SOURCE MATERIAL:
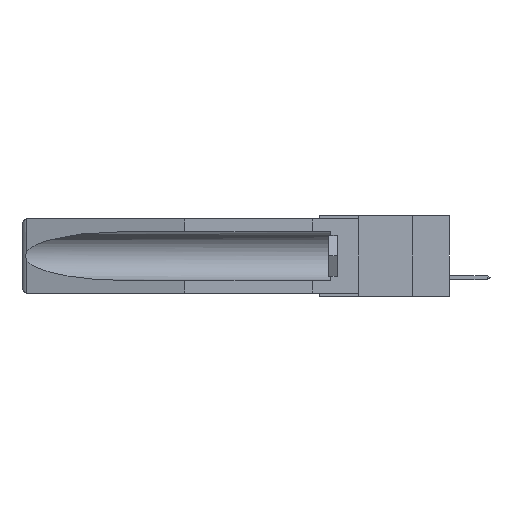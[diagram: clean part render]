
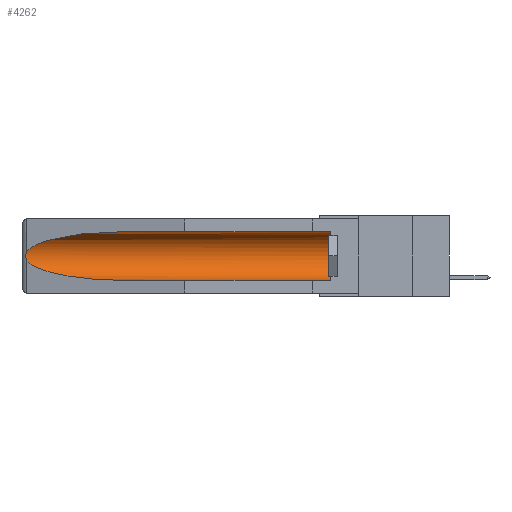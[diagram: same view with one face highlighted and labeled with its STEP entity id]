
A CAD part, left-side view. The second image highlights one B-rep face of the part: STEP entity #4262.
In plain terms, the highlighted cylindrical face has radius 2.857 mm (diameter 5.715 mm), a partial arc.
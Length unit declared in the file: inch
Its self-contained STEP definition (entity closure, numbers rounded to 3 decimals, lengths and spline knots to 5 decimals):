
#322 = CARTESIAN_POINT ( 'NONE',  ( 0.155, 0.126, -0.284 ) ) ;
#380 = CARTESIAN_POINT ( 'NONE',  ( 0.26537, 1.52718, -0.19328 ) ) ;
#504 = CARTESIAN_POINT ( 'NONE',  ( 0.26654, 1.53092, -0.15636 ) ) ;
#1884 = CARTESIAN_POINT ( 'NONE',  ( 0.155, 0.126, -0.1715 ) ) ;
#1897 = CARTESIAN_POINT ( 'NONE',  ( 0.2673, 1.5327, -0.16383 ) ) ;
#2083 = ORIENTED_EDGE ( 'NONE', *, *, #7651, .F. ) ;
#2223 = ORIENTED_EDGE ( 'NONE', *, *, #16619, .T. ) ;
#2431 =( BOUNDED_CURVE ( )  B_SPLINE_CURVE ( 3, ( #17398, #7750, #6285, #17275 ),
 .UNSPECIFIED., .F., .F. ) 
 B_SPLINE_CURVE_WITH_KNOTS ( ( 4, 4 ),
 ( 0.1948, 1.5708 ),
 .UNSPECIFIED. ) 
 CURVE ( )  GEOMETRIC_REPRESENTATION_ITEM ( )  RATIONAL_B_SPLINE_CURVE ( ( 1., 0.848, 0.848, 1. ) ) 
 REPRESENTATION_ITEM ( '' )  );
#2552 = DIRECTION ( 'NONE',  ( 0., 0., 1. ) ) ;
#2926 = CIRCLE ( 'NONE', #13741, 0.1125 ) ;
#3030 = CARTESIAN_POINT ( 'NONE',  ( 0.26537, 1.52718, -0.14972 ) ) ;
#3048 = VECTOR ( 'NONE', #9540, 39.37008 ) ;
#3216 = CARTESIAN_POINT ( 'NONE',  ( 0.2673, 1.53269, -0.17917 ) ) ;
#3340 = CARTESIAN_POINT ( 'NONE',  ( 0.2675, 1.53308, -0.17534 ) ) ;
#3369 = DIRECTION ( 'NONE',  ( 0., 1., 0. ) ) ;
#3558 = ORIENTED_EDGE ( 'NONE', *, *, #12296, .T. ) ;
#3847 = CARTESIAN_POINT ( 'NONE',  ( 0.155, -0.30754, -0.059 ) ) ;
#4262 = ADVANCED_FACE ( 'NONE', ( #6787 ), #10057, .F. ) ;
#4420 = CARTESIAN_POINT ( 'NONE',  ( 0.26597, 1.52961, -0.15275 ) ) ;
#4715 = CARTESIAN_POINT ( 'NONE',  ( 0.26597, 1.5296, -0.19026 ) ) ;
#5147 = ORIENTED_EDGE ( 'NONE', *, *, #15447, .T. ) ;
#5307 = VERTEX_POINT ( 'NONE', #9587 ) ;
#5645 = LINE ( 'NONE', #3847, #3048 ) ;
#5810 = CARTESIAN_POINT ( 'NONE',  ( 0.155, -0.30754, -0.1715 ) ) ;
#6285 = CARTESIAN_POINT ( 'NONE',  ( 0.21114, 1.30732, -0.284 ) ) ;
#6787 = FACE_OUTER_BOUND ( 'NONE', #10959, .T. ) ;
#7258 = CARTESIAN_POINT ( 'NONE',  ( 0.26655, 1.53094, -0.18657 ) ) ;
#7651 = EDGE_CURVE ( 'NONE', #13870, #14838, #12371, .T. ) ;
#7663 = CARTESIAN_POINT ( 'NONE',  ( 0.155, -0.30754, -0.284 ) ) ;
#7750 = CARTESIAN_POINT ( 'NONE',  ( 0.25451, 1.48313, -0.24835 ) ) ;
#7930 = CARTESIAN_POINT ( 'NONE',  ( 0.155, 1.07973, -0.059 ) ) ;
#7967 = CARTESIAN_POINT ( 'NONE',  ( 0.155, 1.07973, -0.059 ) ) ;
#8037 = ORIENTED_EDGE ( 'NONE', *, *, #10251, .T. ) ;
#8395 = AXIS2_PLACEMENT_3D ( 'NONE', #5810, #9514, #2552 ) ;
#8521 = VERTEX_POINT ( 'NONE', #7930 ) ;
#8542 = CARTESIAN_POINT ( 'NONE',  ( 0.26537, 1.52718, -0.19328 ) ) ;
#8733 = VERTEX_POINT ( 'NONE', #12645 ) ;
#9514 = DIRECTION ( 'NONE',  ( 0., 1., 0. ) ) ;
#9540 = DIRECTION ( 'NONE',  ( 0., 1., 0. ) ) ;
#9587 = CARTESIAN_POINT ( 'NONE',  ( 0.26537, 1.52718, -0.14972 ) ) ;
#10057 = CYLINDRICAL_SURFACE ( 'NONE', #8395, 0.1125 ) ;
#10251 = EDGE_CURVE ( 'NONE', #8521, #5307, #11664, .T. ) ;
#10846 = CARTESIAN_POINT ( 'NONE',  ( 0.21114, 1.30732, -0.059 ) ) ;
#10959 = EDGE_LOOP ( 'NONE', ( #8037, #11985, #2223, #2083, #3558, #5147 ) ) ;
#11664 =( BOUNDED_CURVE ( )  B_SPLINE_CURVE ( 3, ( #7967, #10846, #16299, #17807 ),
 .UNSPECIFIED., .F., .F. ) 
 B_SPLINE_CURVE_WITH_KNOTS ( ( 4, 4 ),
 ( 4.71239, 6.08839 ),
 .UNSPECIFIED. ) 
 CURVE ( )  GEOMETRIC_REPRESENTATION_ITEM ( )  RATIONAL_B_SPLINE_CURVE ( ( 1., 0.848, 0.848, 1. ) ) 
 REPRESENTATION_ITEM ( '' )  );
#11985 = ORIENTED_EDGE ( 'NONE', *, *, #13766, .T. ) ;
#12296 = EDGE_CURVE ( 'NONE', #13870, #8733, #2926, .T. ) ;
#12371 = LINE ( 'NONE', #7663, #15173 ) ;
#12645 = CARTESIAN_POINT ( 'NONE',  ( 0.155, 0.126, -0.059 ) ) ;
#13069 = DIRECTION ( 'NONE',  ( 0., 0., 1. ) ) ;
#13421 = CARTESIAN_POINT ( 'NONE',  ( 0.155, 1.07973, -0.284 ) ) ;
#13741 = AXIS2_PLACEMENT_3D ( 'NONE', #1884, #15894, #13069 ) ;
#13766 = EDGE_CURVE ( 'NONE', #5307, #14598, #16664, .T. ) ;
#13870 = VERTEX_POINT ( 'NONE', #322 ) ;
#14598 = VERTEX_POINT ( 'NONE', #8542 ) ;
#14838 = VERTEX_POINT ( 'NONE', #13421 ) ;
#15173 = VECTOR ( 'NONE', #3369, 39.37008 ) ;
#15447 = EDGE_CURVE ( 'NONE', #8733, #8521, #5645, .T. ) ;
#15787 = CARTESIAN_POINT ( 'NONE',  ( 0.2675, 1.53308, -0.16763 ) ) ;
#15894 = DIRECTION ( 'NONE',  ( 0., -1., 0. ) ) ;
#16299 = CARTESIAN_POINT ( 'NONE',  ( 0.25451, 1.48313, -0.09465 ) ) ;
#16619 = EDGE_CURVE ( 'NONE', #14598, #14838, #2431, .T. ) ;
#16664 = B_SPLINE_CURVE_WITH_KNOTS ( 'NONE', 3,
 ( #3030, #4420, #504, #1897, #15787, #3340, #3216, #7258, #4715, #380 ),
 .UNSPECIFIED., .F., .F.,
 ( 4, 2, 2, 2, 4 ),
 ( 0., 0.00029, 0.00058, 0.00087, 0.00117 ),
 .UNSPECIFIED. ) ;
#17275 = CARTESIAN_POINT ( 'NONE',  ( 0.155, 1.07973, -0.284 ) ) ;
#17398 = CARTESIAN_POINT ( 'NONE',  ( 0.26537, 1.52718, -0.19328 ) ) ;
#17807 = CARTESIAN_POINT ( 'NONE',  ( 0.26537, 1.52718, -0.14972 ) ) ;

PROBLEM REQUIREMENTS: Repeat exactly the lines above from the one with "#9540 = DIRECTION" up to and including the one with "#12371 = LINE ( 'NONE', #7663, #15173 ) ;". No other line belongs in the reply.

EXERCISE RESULT:
#9540 = DIRECTION ( 'NONE',  ( 0., 1., 0. ) ) ;
#9587 = CARTESIAN_POINT ( 'NONE',  ( 0.26537, 1.52718, -0.14972 ) ) ;
#10057 = CYLINDRICAL_SURFACE ( 'NONE', #8395, 0.1125 ) ;
#10251 = EDGE_CURVE ( 'NONE', #8521, #5307, #11664, .T. ) ;
#10846 = CARTESIAN_POINT ( 'NONE',  ( 0.21114, 1.30732, -0.059 ) ) ;
#10959 = EDGE_LOOP ( 'NONE', ( #8037, #11985, #2223, #2083, #3558, #5147 ) ) ;
#11664 =( BOUNDED_CURVE ( )  B_SPLINE_CURVE ( 3, ( #7967, #10846, #16299, #17807 ),
 .UNSPECIFIED., .F., .F. ) 
 B_SPLINE_CURVE_WITH_KNOTS ( ( 4, 4 ),
 ( 4.71239, 6.08839 ),
 .UNSPECIFIED. ) 
 CURVE ( )  GEOMETRIC_REPRESENTATION_ITEM ( )  RATIONAL_B_SPLINE_CURVE ( ( 1., 0.848, 0.848, 1. ) ) 
 REPRESENTATION_ITEM ( '' )  );
#11985 = ORIENTED_EDGE ( 'NONE', *, *, #13766, .T. ) ;
#12296 = EDGE_CURVE ( 'NONE', #13870, #8733, #2926, .T. ) ;
#12371 = LINE ( 'NONE', #7663, #15173 ) ;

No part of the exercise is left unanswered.